Identifying the location and distribution of NAPL (Non Aqueous Phase Liquid) in the subsurface constitutes a vital step in the design and implementation of aquifer remediation schemes. In recent years, partitioning interwell tracer tests (PITT) have gained increasing popularity as a means to characterize NAPL distribution in-situ. In this method, a conservative and a partitioning tracer are injected into the contaminated site. The chromatographic separation between the conservative and the partitioning tracer can be used to infer NAPL distribution. The conventional approach to the analysis of the tracer response uses a first-order method of moments to compute average NAPL saturation. Such methods are limited due to the one-dimensional approximation and consequently can not provide detailed spatial distribution of the NAPL.
In this paper we discuss a streamline-based inversion approach for partitioning tracer response to estimate spatial distribution of NAPL saturation in the subsurface. Our approach relies on an analytic sensitivity computation method that yields sensitivities of the partitioning tracer response to subsurface parameters such as porosity, permeability and NAPL saturation in a single streamline simulation.
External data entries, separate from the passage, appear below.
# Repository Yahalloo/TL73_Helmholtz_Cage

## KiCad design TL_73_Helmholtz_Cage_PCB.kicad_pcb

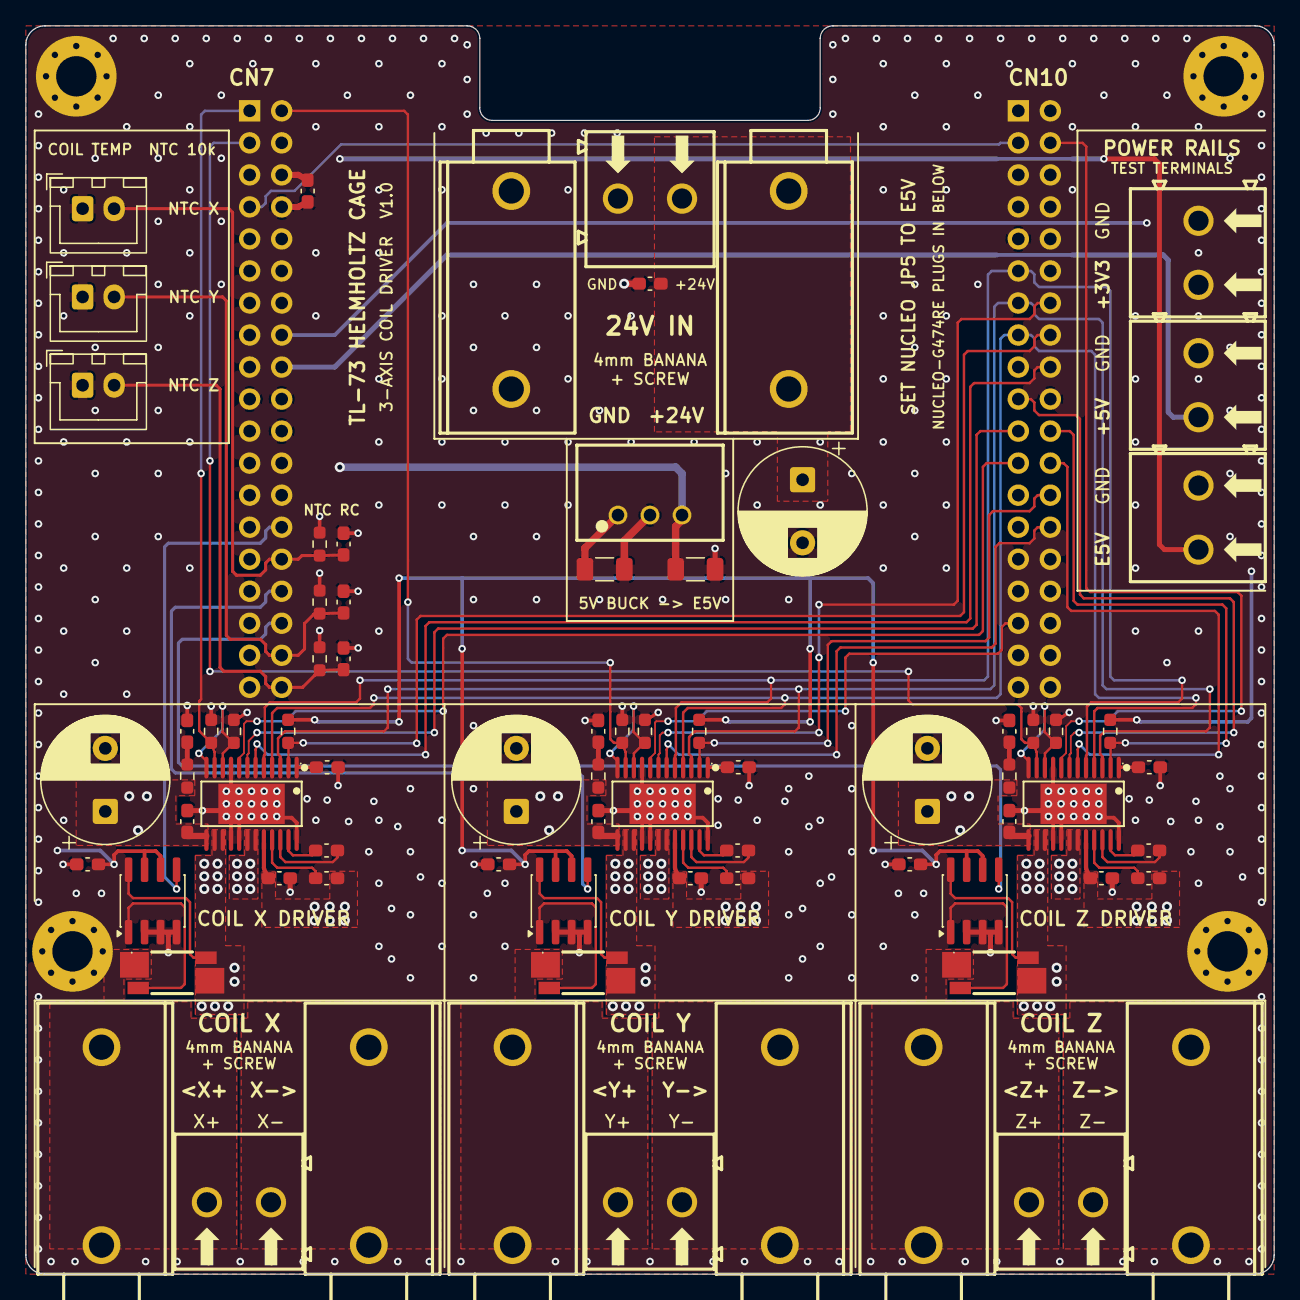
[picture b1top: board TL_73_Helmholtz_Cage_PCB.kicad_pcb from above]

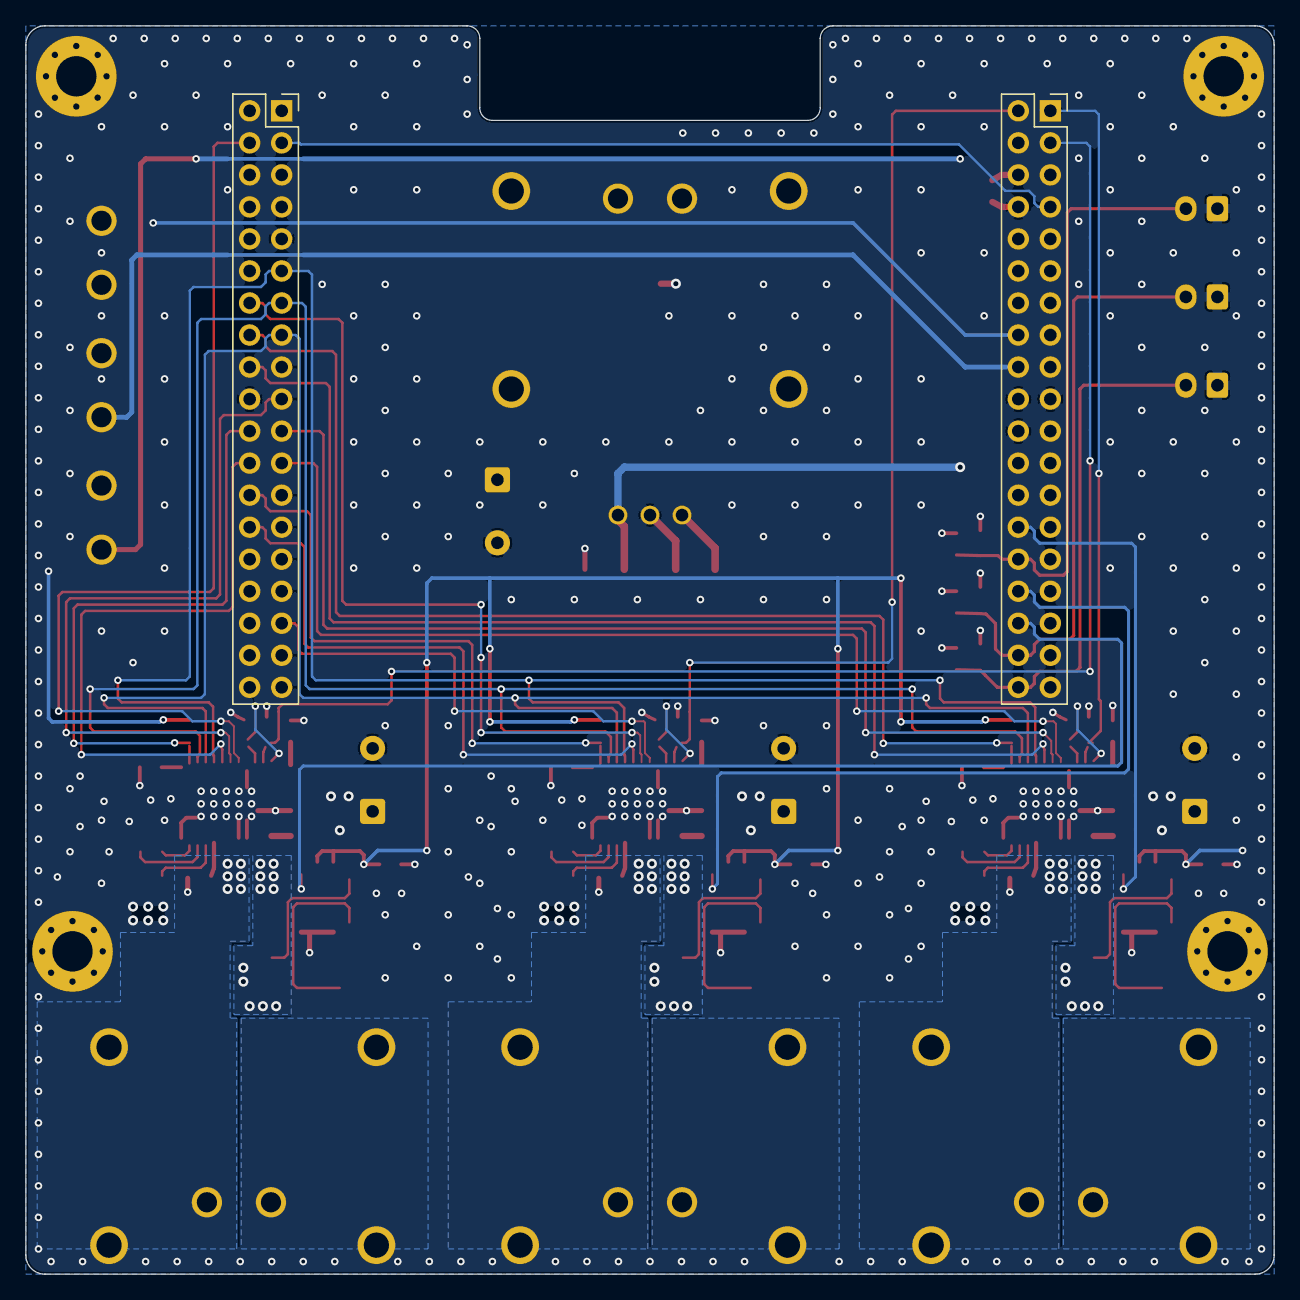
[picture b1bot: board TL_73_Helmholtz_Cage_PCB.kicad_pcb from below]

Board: 4 copper layers, 99.0 x 99.0 mm, 81 parts (2 on the bottom side), 63 nets.

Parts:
C101: 10uF; C_1206_3216Metric_Pad1.33x1.80mm_HandSolder
C102: 22uF; C_1206_3216Metric_Pad1.33x1.80mm_HandSolder
C201, C302, C305, C402, C405, C502, C505, C601, C701, C801, C901, C1001, C1101, C1202: 100nF; C_0603_1608Metric_Pad1.08x0.95mm_HandSolder
C301, C304, C401, C404, C501, C504: 1uF; C_0603_1608Metric_Pad1.08x0.95mm_HandSolder
C303, C403, C503: 47nF; C_0603_1608Metric_Pad1.08x0.95mm_HandSolder
C306, C406, C506: 10nF; C_0603_1608Metric_Pad1.08x0.95mm_HandSolder
C307, C407, C507, C1201: 1000uF; CP_Radial_D10.0mm_P5.00mm
CN1201: 24.243.1; CONN-TH_24.243.1_RED
CN1202: 24.243.2; CONN-TH_24.243.2
CN1203, CN1205, CN1207: 24.243.3; CONN-TH_24.243.3
CN1204, CN1206, CN1208: 24.243.5; CONN-TH_24.243.2
H101, H102, H103, H104: MountingHole; MountingHole_3.2mm_M3_Pad_Via
J201: CN7; PinSocket_2x19_P2.54mm_Vertical
J202: CN10; PinSocket_2x19_P2.54mm_Vertical
J901, J1001, J1101: NTC_JST_XH; JST_XH_B2B-XH-A_1x02_P2.50mm_Vertical
R301, R302, R401, R402, R501, R502, R901, R1001, R1101: 10k; R_0603_1608Metric_Pad0.98x0.95mm_HandSolder
R303, R403, R503: 470Ω; R_0603_1608Metric_Pad0.98x0.95mm_HandSolder
R304, R404, R504: 3.3Ω; R_0603_1608Metric_Pad0.98x0.95mm_HandSolder
R601, R701, R801: 10mΩ; RES-SMD_L6.4-W3.2_WSK2512R0100FEA
U101: K7805-1000R3_C2992391; PWRM-TH_YLPTEC_K78XX-1000R3
U301, U401, U501: DRV8873SPWPR; HTSSOP-24_L7.8-W4.4-P0.65-LS6.4-TL-EP
U601, U701, U801: INA240A1D; SOIC-8_3.9x4.9mm_P1.27mm
U1201, U1202, U1203, U1204, U1205, U1206, U1207: KF128-5.08-2P; CONN-TH_P5.08_KF128-5.08-2P

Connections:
+3V3: C601.1, C701.1, C801.1, J201.16, R301.1, R401.1, R501.1, R901.2, R1001.2, R1101.2, U601.6 (V+), U601.7 (REF1), U701.6 (V+), U701.7 (REF1), U801.6 (V+), U801.7 (REF1), U1207.1
+5V: J201.18, U1205.1
+24V: C101.1, C302.1, C304.1, C305.1, C307.1, C402.1, C404.1, C405.1, C407.1, C502.1, C504.1, C505.1, C507.1, C1201.1, C1202.1, CN1201.1, CN1201.2, R304.1, R404.1, R504.1, U101.1 (VIN), U301.13 (13VM), U301.20 (20VM), U401.13 (13VM), U401.20 (20VM), U501.13 (13VM), U501.20 (20VM), U1202.1
/CurrentSense_CoilX/Icoil1: R601.4 (I1), U301.14 (14OUT2), U301.15 (15OUT2)
/CurrentSense_CoilX/Icoil2: CN1203.1, CN1203.2, R601.1 (I2), U1201.1
/CurrentSense_CoilX/SENSE_N: R601.2 (E2), U601.1 (-)
/CurrentSense_CoilX/SENSE_P: R601.3 (E1), U601.8 (+)
/CurrentSense_CoilY/Icoil1: R701.4 (I1), U401.14 (14OUT2), U401.15 (15OUT2)
/CurrentSense_CoilY/Icoil2: CN1205.1, CN1205.2, R701.1 (I2), U1203.1
/CurrentSense_CoilY/SENSE_N: R701.2 (E2), U701.1 (-)
/CurrentSense_CoilY/SENSE_P: R701.3 (E1), U701.8 (+)
/CurrentSense_CoilZ/Icoil1: R801.4 (I1), U501.14 (14OUT2), U501.15 (15OUT2)
/CurrentSense_CoilZ/Icoil2: CN1207.1, CN1207.2, R801.1 (I2), U1206.1
/CurrentSense_CoilZ/SENSE_N: R801.2 (E2), U801.1 (-)
/CurrentSense_CoilZ/SENSE_P: R801.3 (E1), U801.8 (+)
/External_Connectors/CoilX-: CN1204.1, CN1204.2, U301.18 (18OUT1), U301.19 (19OUT1), U1201.2
/External_Connectors/CoilY-: CN1206.1, CN1206.2, U401.18 (18OUT1), U401.19 (19OUT1), U1203.2
/External_Connectors/CoilZ-: CN1208.1, CN1208.2, U501.18 (18OUT1), U501.19 (19OUT1), U1206.2
/ISENSE_CoilX: J201.28, U601.5
/ISENSE_CoilY: J201.32, U701.5
/ISENSE_CoilZ: J201.34, U801.5
/Nucleo_G474RE/PB8-BOOT0: J201.7, J202.3
/PWM_A_CoilX: J202.23, U301.8 (8PH/IN2)
/PWM_A_CoilY: J202.33, U401.8 (8PH/IN2)
/PWM_A_CoilZ: J202.4, U501.8 (8PH/IN2)
/PWM_B_CoilX: J202.21, U301.7 (7EN/IN1)
/PWM_B_CoilY: J202.14, U401.7 (7EN/IN1)
/PWM_B_CoilZ: J202.19, U501.7 (7EN/IN1)
/SPI_SCLK: J202.11, U301.5 (5SCLK), U401.5 (5SCLK), U501.5 (5SCLK)
/SPI_SDI: J202.15, U301.4 (4SDI), U401.4 (4SDI), U501.4 (4SDI)
/SPI_SDO: J202.13, U301.3 (3SDO), U401.3 (3SDO), U501.3 (3SDO)
/Temp_SenseX: C901.1, J201.30, J901.2, R901.1
/Temp_SenseY: C1001.1, J201.36, J1001.2, R1001.1
/Temp_SenseZ: C1101.1, J201.38, J1101.2, R1101.1
/~FAULT_CoilX: J202.16, R301.2, U301.2 (2nFAULT)
/~FAULT_CoilY: J202.26, R401.2, U401.2 (2nFAULT)
/~FAULT_CoilZ: J202.22, R501.2, U501.2 (2nFAULT)
/~SCS_CoilX: J202.18, U301.6 (6nSCS)
/~SCS_CoilY: J202.28, U401.6 (6nSCS)
/~SCS_CoilZ: J202.24, U501.6 (6nSCS)
/~SLEEP_CoilX: J201.1, R302.1, U301.11 (11NSLEEP)
/~SLEEP_CoilY: J201.2, R402.1, U401.11 (11NSLEEP)
/~SLEEP_CoilZ: J201.3, R502.1, U501.11 (11NSLEEP)
E5V: C102.1, C201.1, J201.6, U101.3 (+VO), U1204.1
GND: C101.2, C102.2, C201.2, C301.2, C302.2, C305.2, C306.2, C307.2, C401.2, C402.2, C405.2, C406.2, C407.2, C501.2, C502.2, C505.2, C506.2, C507.2, C601.2, C701.2, C801.2, C901.2, C1001.2, C1101.2, C1201.2, C1202.2, CN1202.1, CN1202.2, J201.8, J201.19, J201.20, J201.22, J202.9, J202.20, J901.1, J1001.1, J1101.1, R302.2, R303.2, R402.2, R403.2, R502.2, R503.2, U101.2 (GND), U301.9 (9DISABLE), U301.16 (16SRC), U301.17 (17SRC), U301.24 (24GND), U301.25 (EP), U401.9 (9DISABLE), U401.16 (16SRC), U401.17 (17SRC), U401.24 (24GND), U401.25 (EP), U501.9 (9DISABLE), U501.16 (16SRC), U501.17 (17SRC), U501.24 (24GND), U501.25 (EP), U601.2 (GND), U601.3 (REF2), U601.4 (GND), U701.2 (GND), U701.3 (REF2), U701.4 (GND), U801.2 (GND), U801.3 (REF2), U801.4 (GND), U1202.2, U1204.2, U1205.2, U1207.2
unnamed: C306.1, R304.2
unnamed: C406.1, R404.2
unnamed: C506.1, R504.2
unnamed: C301.1, U301.1 (1DVDD)
unnamed: R303.1, U301.10 (10IPROPL), U301.12 (12IPROPI2)
unnamed: C304.2, U301.21 (21VCP)
unnamed: C303.2, U301.22 (22CPH)
unnamed: C303.1, U301.23 (23CPL)
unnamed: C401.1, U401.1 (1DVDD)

We can then use efficient techniques from geophysical inversion to match the field tracer response and estimate subsurface parameters. For characterizing NAPL saturation we follow a two-step procedure. First, we match the conservative tracer response that provides us with a permeability distribution. Next,the partitioning tracer response is matched by varying the NAPL saturation distribution in the subsurface. The non-uniqueness in the solution is addressed through the use of regularization techniques and/or prior information.
The proposed technique has been applied to synthetic as well as field examples. The synthetic example is used to validate the procedure using tracer response from a 9-spot pattern. The field example is from the Hill Airforce Base, Utah where partitioning tracer tests were conducted in an isolated test cell with 4 injection wells, 3 extraction wells and 12 multi-level samplers. Tracer responses from 51 sampling locations are analyzed to determine permeability variations and NAPL saturation distribution in the test cell. Finally, a performance comparison with another commonly used inversion method viz. simulated annealing, shows that our proposed approach is faster by about three orders of magnitude.